Totally! Kate only started riding him in April of this year. She adores him...she even said he's one of the most awesome horses she's jumped! He loves it, and took to it like it was second nature.


----------



## omgpink (Aug 16, 2008)

GORGEOUS horse!!!!


----------



## Moxie (May 28, 2008)

WOW! Look at those feathers and his hairy belly! 

Kate and TJ look great!


----------



## PoptartShop (Jul 25, 2010)

He's beautiful, & looks like a nice jumper too!


----------



## my2geldings (Feb 18, 2008)

He's got talent, it looks quite natural for him. You should really consider showing him.


----------



## librahorse94 (May 7, 2008)

Awee i love your horse. you rarley ever see a fresien jumping . god luck.


----------



## FancyAppy (Sep 17, 2008)

magnificant horse. congrats!


----------



## MirrorStage2009 (Sep 10, 2008)

Thanks everyone!!



My2Geldings said:


> He's got talent, it looks quite natural for him. You should really consider showing him.

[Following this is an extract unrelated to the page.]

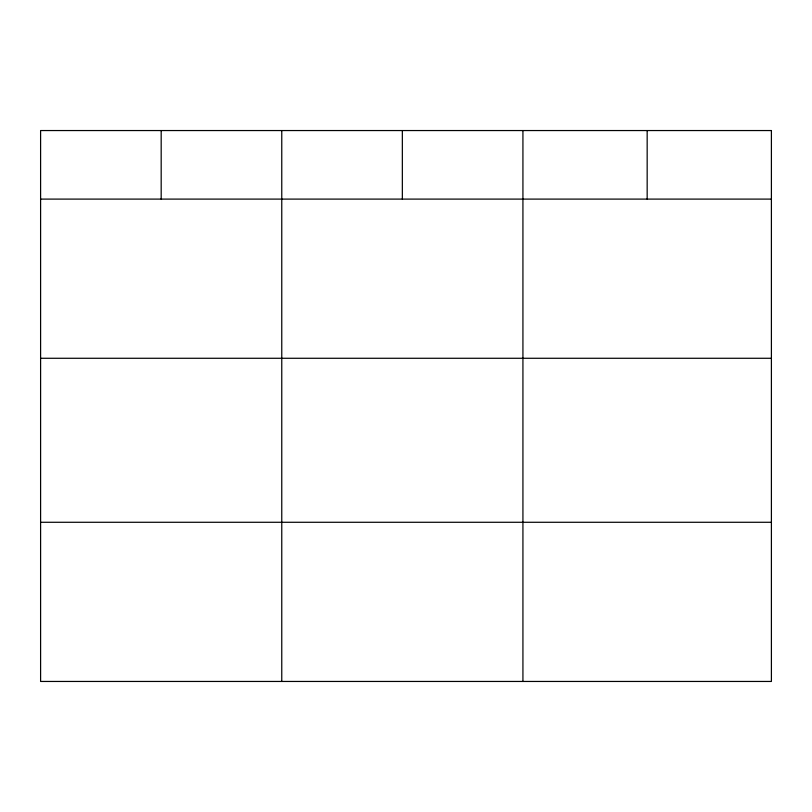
<?xml version="1.0" encoding="UTF-8"?>
<svg xmlns="http://www.w3.org/2000/svg" width="812" height="812" viewBox="0 0 812 812"><rect width="100%" height="100%" fill="white"/><g stroke="black" fill="none" stroke-linecap="round" stroke-linejoin="round"><path stroke-width="1.22" d="M40.6 199.102L771.4 199.102M40.6 358.275L771.4 358.275M40.6 522.278L771.4 522.278M647.164 130.549L647.164 199.102M522.928 130.549L522.928 681.451M402.346 130.549L402.346 199.102M281.764 130.549L281.764 681.451M161.182 130.549L161.182 199.102M771.4 130.549L40.6 130.549L40.6 681.451L771.4 681.451L771.4 130.549"/></g></svg>

Kate wants to take him to a jumping show. He was supposed go this summer, but we couldn't afford it. :sad: I have _no_ interest in showing. If I did, it would be dressage, western (when he's ready) or sidesaddle. I would love to learn to drive him, but he hasn't been put to a cart yet.


----------



## gotxhorses (Jul 6, 2008)

He is such a pretty jumper! I know thoroughbreds that cant jump that well!


----------